_Aim of the task:_ An exact transcription of all the records, free of pictures, is the expected answer.

Items from a dataset:
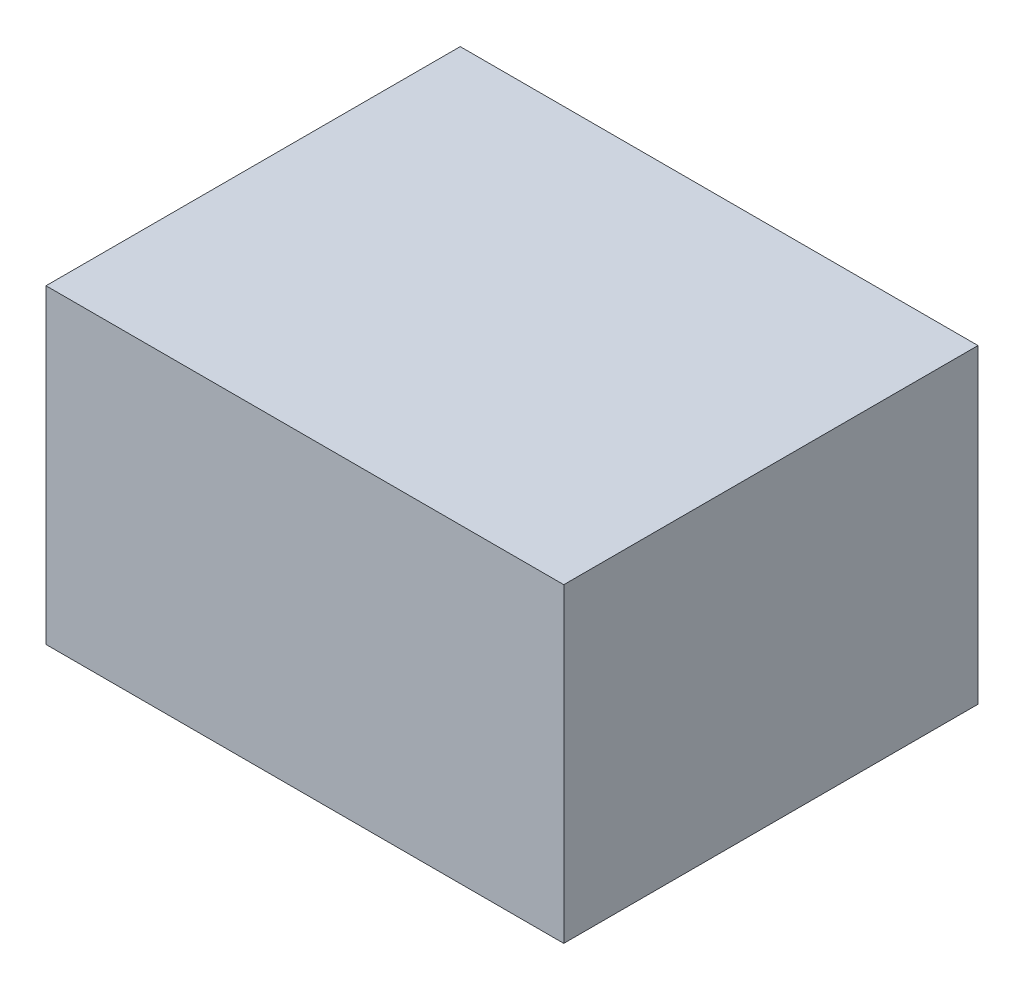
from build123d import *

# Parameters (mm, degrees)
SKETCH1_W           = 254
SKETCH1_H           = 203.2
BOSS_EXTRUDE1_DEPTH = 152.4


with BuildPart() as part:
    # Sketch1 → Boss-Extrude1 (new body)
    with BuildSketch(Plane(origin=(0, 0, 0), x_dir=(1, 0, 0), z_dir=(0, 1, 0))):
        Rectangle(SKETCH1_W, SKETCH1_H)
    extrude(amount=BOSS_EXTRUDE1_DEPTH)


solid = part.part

_Written answer:_
from build123d import *

# Parameters (mm, degrees)
SKETCH1_W           = 254
SKETCH1_H           = 203.2
BOSS_EXTRUDE1_DEPTH = 152.4


with BuildPart() as part:
    # Sketch1 → Boss-Extrude1 (new body)
    with BuildSketch(Plane(origin=(0, 0, 0), x_dir=(1, 0, 0), z_dir=(0, 1, 0))):
        Rectangle(SKETCH1_W, SKETCH1_H)
    extrude(amount=BOSS_EXTRUDE1_DEPTH)


solid = part.part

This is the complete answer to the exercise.